**YOUR TASK:**
From the first line down to the one containing "doc.units = 0", reproduce the entries below exactly and leave out the pictures.

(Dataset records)
>>>>>
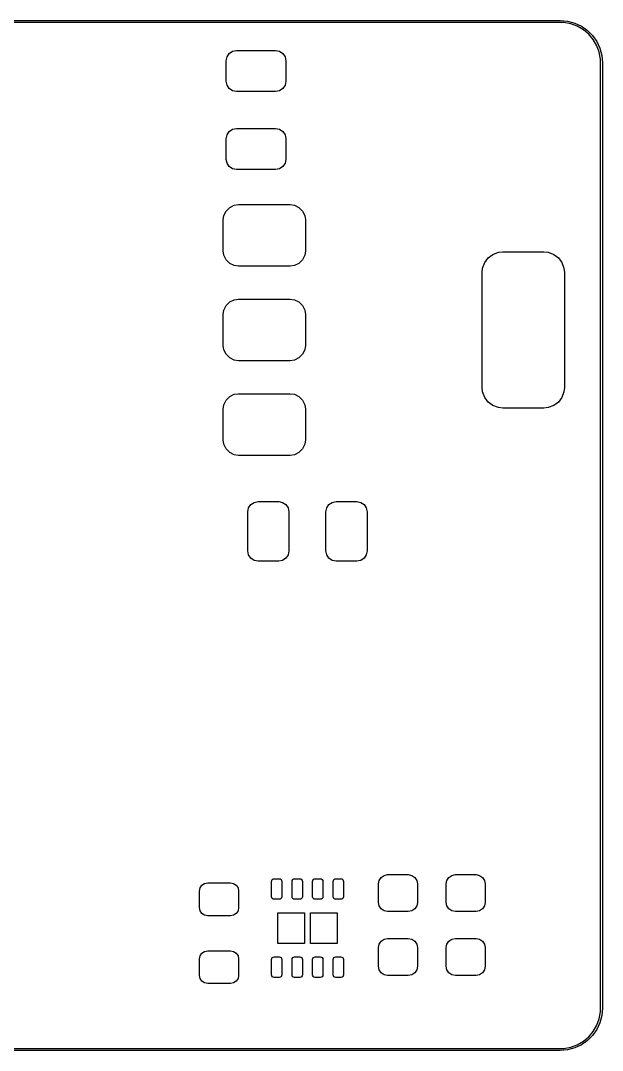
# Model space of a CAD drawing. Extents: x 120 to 149.5, y -100 to -75.
# Drawn here: x 135.37 to 149.53, y -100.02 to -74.97 of the extents above; entities that cross this region are included whole.
import ezdxf

# ---------------------------------------------------------------- set-up
doc = ezdxf.new("R2010")
doc.units = 0
doc.layers.add('BLACK', color=7, linetype='CONTINUOUS')

msp = doc.modelspace()

# ---------------------------------------------------------------- linework, layer by layer
at = {"layer": 'BLACK', "linetype": 'CONTINUOUS'}
for p, q in [((121, -74.975), (148.5, -74.975)), ((148.5, -75.025), (121, -75.025)), ((148.5, -74.975), (148.677989, -74.990572)), ((148.585301, -75.025), (148.5, -75.025)), ((148.753312, -75.054625), (148.585301, -75.025)), ((148.677989, -74.990572), (148.850571, -75.036815)), ((148.913627, -75.112975), (148.753312, -75.054625)), ((148.850571, -75.036815), (149.0125, -75.112324)), ((149.061373, -75.198276), (148.913627, -75.112975)), ((149.0125, -75.112324), (149.158857, -75.214804)), ((149.192062, -75.307938), (149.061373, -75.198276)), ((149.158857, -75.214804), (149.285196, -75.341143)), ((149.301724, -75.438627), (149.192062, -75.307938)), ((149.285196, -75.341143), (149.387676, -75.4875)), ((149.387025, -75.586373), (149.301724, -75.438627)), ((149.445375, -75.746688), (149.387025, -75.586373)), ((149.387676, -75.4875), (149.463185, -75.649429)), ((149.463185, -75.649429), (149.509428, -75.822011)), ((140.375, -75.95), (140.39403, -75.854329)), ((140.39403, -75.854329), (140.448223, -75.773223)), ((140.448223, -75.773223), (140.529329, -75.71903)), ((140.529329, -75.71903), (140.625, -75.7)), ((140.625, -75.7), (141.575, -75.7)), ((141.575, -75.7), (141.670671, -75.71903)), ((141.670671, -75.71903), (141.751777, -75.773223)), ((141.751777, -75.773223), (141.80597, -75.854329)), ((141.80597, -75.854329), (141.825, -75.95)), ((149.475, -75.914699), (149.445375, -75.746688)), ((149.509428, -75.822011), (149.525, -76)), ((140.375, -76.45), (140.375, -75.95)), ((141.825, -75.95), (141.825, -76.45)), ((149.475, -76), (149.475, -75.914699)), ((149.475, -99), (149.475, -76)), ((149.525, -76), (149.525, -99)), ((140.39403, -76.545671), (140.375, -76.45)), ((140.448223, -76.626777), (140.39403, -76.545671)), ((140.529329, -76.68097), (140.448223, -76.626777)), ((141.751777, -76.626777), (141.670671, -76.68097)), ((141.80597, -76.545671), (141.751777, -76.626777)), ((141.825, -76.45), (141.80597, -76.545671)), ((140.625, -76.7), (140.529329, -76.68097)), ((141.575, -76.7), (140.625, -76.7)), ((141.670671, -76.68097), (141.575, -76.7)), ((140.448223, -77.673223), (140.529329, -77.61903)), ((140.529329, -77.61903), (140.625, -77.6)), ((140.625, -77.6), (141.575, -77.6)), ((141.575, -77.6), (141.670671, -77.61903)), ((141.670671, -77.61903), (141.751777, -77.673223)), ((140.375, -77.85), (140.39403, -77.754329)), ((140.375, -78.35), (140.375, -77.85)), ((140.39403, -77.754329), (140.448223, -77.673223)), ((141.751777, -77.673223), (141.80597, -77.754329)), ((141.80597, -77.754329), (141.825, -77.85)), ((141.825, -77.85), (141.825, -78.35)), ((140.39403, -78.445671), (140.375, -78.35)), ((141.825, -78.35), (141.80597, -78.445671)), ((140.448223, -78.526777), (140.39403, -78.445671)), ((140.529329, -78.58097), (140.448223, -78.526777)), ((140.625, -78.6), (140.529329, -78.58097)), ((141.575, -78.6), (140.625, -78.6)), ((141.670671, -78.58097), (141.575, -78.6)), ((141.751777, -78.526777), (141.670671, -78.58097)), ((141.80597, -78.445671), (141.751777, -78.526777)), ((140.31559, -79.717999), (140.369807, -79.607096)), ((140.369807, -79.607096), (140.457096, -79.519807)), ((140.457096, -79.519807), (140.567999, -79.46559)), ((140.567999, -79.46559), (140.675, -79.45)), ((140.675, -79.45), (141.925, -79.45)), ((141.925, -79.45), (142.032001, -79.46559)), ((142.032001, -79.46559), (142.142904, -79.519807)), ((142.142904, -79.519807), (142.230193, -79.607096)), ((142.230193, -79.607096), (142.28441, -79.717999)), ((140.3, -79.825), (140.31559, -79.717999)), ((140.3, -80.575), (140.3, -79.825)), ((142.28441, -79.717999), (142.3, -79.825)), ((142.3, -79.825), (142.3, -80.575)), ((140.31559, -80.682001), (140.3, -80.575)), ((142.3, -80.575), (142.28441, -80.682001)), ((146.860376, -80.661161), (146.993717, -80.611427)), ((146.993717, -80.611427), (147.1, -80.6)), ((147.1, -80.6), (148.1, -80.6)), ((148.1, -80.6), (148.206283, -80.611427)), ((148.206283, -80.611427), (148.339624, -80.661161)), ((140.369807, -80.792904), (140.31559, -80.682001)), ((140.457096, -80.880193), (140.369807, -80.792904)), ((140.567999, -80.93441), (140.457096, -80.880193)), ((142.142904, -80.880193), (142.032001, -80.93441)), ((142.230193, -80.792904), (142.142904, -80.880193)), ((142.28441, -80.682001), (142.230193, -80.792904)), ((146.611427, -80.993717), (146.661161, -80.860376)), ((146.661161, -80.860376), (146.746447, -80.746447)), ((146.746447, -80.746447), (146.860376, -80.661161)), ((148.339624, -80.661161), (148.453553, -80.746447)), ((148.453553, -80.746447), (148.538839, -80.860376)), ((148.538839, -80.860376), (148.588573, -80.993717)), ((140.675, -80.95), (140.567999, -80.93441)), ((141.925, -80.95), (140.675, -80.95)), ((142.032001, -80.93441), (141.925, -80.95)), ((146.6, -81.1), (146.611427, -80.993717)), ((146.6, -83.9), (146.6, -81.1)), ((148.588573, -80.993717), (148.6, -81.1)), ((148.6, -81.1), (148.6, -83.9)), ((140.31559, -82.017999), (140.369807, -81.907096)), ((140.369807, -81.907096), (140.457096, -81.819807)), ((140.457096, -81.819807), (140.567999, -81.76559)), ((140.567999, -81.76559), (140.675, -81.75)), ((140.675, -81.75), (141.925, -81.75)), ((141.925, -81.75), (142.032001, -81.76559)), ((142.032001, -81.76559), (142.142904, -81.819807)), ((142.142904, -81.819807), (142.230193, -81.907096)), ((142.230193, -81.907096), (142.28441, -82.017999)), ((140.3, -82.125), (140.31559, -82.017999)), ((140.3, -82.875), (140.3, -82.125)), ((142.28441, -82.017999), (142.3, -82.125)), ((142.3, -82.125), (142.3, -82.875)), ((140.31559, -82.982001), (140.3, -82.875)), ((142.3, -82.875), (142.28441, -82.982001)), ((140.369807, -83.092904), (140.31559, -82.982001)), ((140.457096, -83.180193), (140.369807, -83.092904)), ((142.230193, -83.092904), (142.142904, -83.180193)), ((142.28441, -82.982001), (142.230193, -83.092904)), ((140.567999, -83.23441), (140.457096, -83.180193)), ((140.675, -83.25), (140.567999, -83.23441)), ((141.925, -83.25), (140.675, -83.25)), ((142.032001, -83.23441), (141.925, -83.25)), ((142.142904, -83.180193), (142.032001, -83.23441)), ((146.611427, -84.006283), (146.6, -83.9)), ((148.6, -83.9), (148.588573, -84.006283)), ((140.369807, -84.207096), (140.457096, -84.119807)), ((140.457096, -84.119807), (140.567999, -84.06559)), ((140.567999, -84.06559), (140.675, -84.05)), ((140.675, -84.05), (141.925, -84.05)), ((141.925, -84.05), (142.032001, -84.06559)), ((142.032001, -84.06559), (142.142904, -84.119807)), ((142.142904, -84.119807), (142.230193, -84.207096)), ((146.661161, -84.139624), (146.611427, -84.006283)), ((146.746447, -84.253553), (146.661161, -84.139624)), ((148.538839, -84.139624), (148.453553, -84.253553)), ((148.588573, -84.006283), (148.538839, -84.139624)), ((140.3, -84.425), (140.31559, -84.317999)), ((140.31559, -84.317999), (140.369807, -84.207096)), ((142.230193, -84.207096), (142.28441, -84.317999)), ((142.28441, -84.317999), (142.3, -84.425)), ((146.860376, -84.338839), (146.746447, -84.253553)), ((146.993717, -84.388573), (146.860376, -84.338839)), ((147.1, -84.4), (146.993717, -84.388573)), ((148.1, -84.4), (147.1, -84.4)), ((148.206283, -84.388573), (148.1, -84.4)), ((148.339624, -84.338839), (148.206283, -84.388573)), ((148.453553, -84.253553), (148.339624, -84.338839)), ((140.3, -85.175), (140.3, -84.425)), ((142.3, -84.425), (142.3, -85.175)), ((140.31559, -85.282001), (140.3, -85.175)), ((140.369807, -85.392904), (140.31559, -85.282001)), ((140.457096, -85.480193), (140.369807, -85.392904)), ((142.230193, -85.392904), (142.142904, -85.480193)), ((142.28441, -85.282001), (142.230193, -85.392904)), ((142.3, -85.175), (142.28441, -85.282001)), ((140.567999, -85.53441), (140.457096, -85.480193)), ((140.675, -85.55), (140.567999, -85.53441)), ((141.925, -85.55), (140.675, -85.55)), ((142.032001, -85.53441), (141.925, -85.55)), ((142.142904, -85.480193), (142.032001, -85.53441)), ((140.9, -86.925), (140.91903, -86.829329)), ((140.91903, -86.829329), (140.973223, -86.748223)), ((140.973223, -86.748223), (141.054329, -86.69403)), ((141.054329, -86.69403), (141.15, -86.675)), ((141.15, -86.675), (141.65, -86.675)), ((141.65, -86.675), (141.745671, -86.69403)), ((141.745671, -86.69403), (141.826777, -86.748223)), ((141.826777, -86.748223), (141.88097, -86.829329)), ((141.88097, -86.829329), (141.9, -86.925)), ((142.8, -86.925), (142.81903, -86.829329)), ((142.81903, -86.829329), (142.873223, -86.748223)), ((142.873223, -86.748223), (142.954329, -86.69403)), ((142.954329, -86.69403), (143.05, -86.675)), ((143.05, -86.675), (143.55, -86.675)), ((143.55, -86.675), (143.645671, -86.69403)), ((143.645671, -86.69403), (143.726777, -86.748223)), ((143.726777, -86.748223), (143.78097, -86.829329)), ((143.78097, -86.829329), (143.8, -86.925)), ((140.9, -87.875), (140.9, -86.925)), ((141.9, -86.925), (141.9, -87.875)), ((142.8, -87.875), (142.8, -86.925)), ((143.8, -86.925), (143.8, -87.875)), ((140.91903, -87.970671), (140.9, -87.875)), ((141.9, -87.875), (141.88097, -87.970671)), ((142.81903, -87.970671), (142.8, -87.875)), ((143.8, -87.875), (143.78097, -87.970671)), ((140.973223, -88.051777), (140.91903, -87.970671)), ((141.054329, -88.10597), (140.973223, -88.051777)), ((141.15, -88.125), (141.054329, -88.10597)), ((141.65, -88.125), (141.15, -88.125)), ((141.745671, -88.10597), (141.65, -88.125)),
<<<<<
**REPLY TO THE TASK:**
# Model space of a CAD drawing. Extents: x 120 to 149.5, y -100 to -75.
# Drawn here: x 135.37 to 149.53, y -100.02 to -74.97 of the extents above; entities that cross this region are included whole.
import ezdxf

# ---------------------------------------------------------------- set-up
doc = ezdxf.new("R2010")
doc.units = 0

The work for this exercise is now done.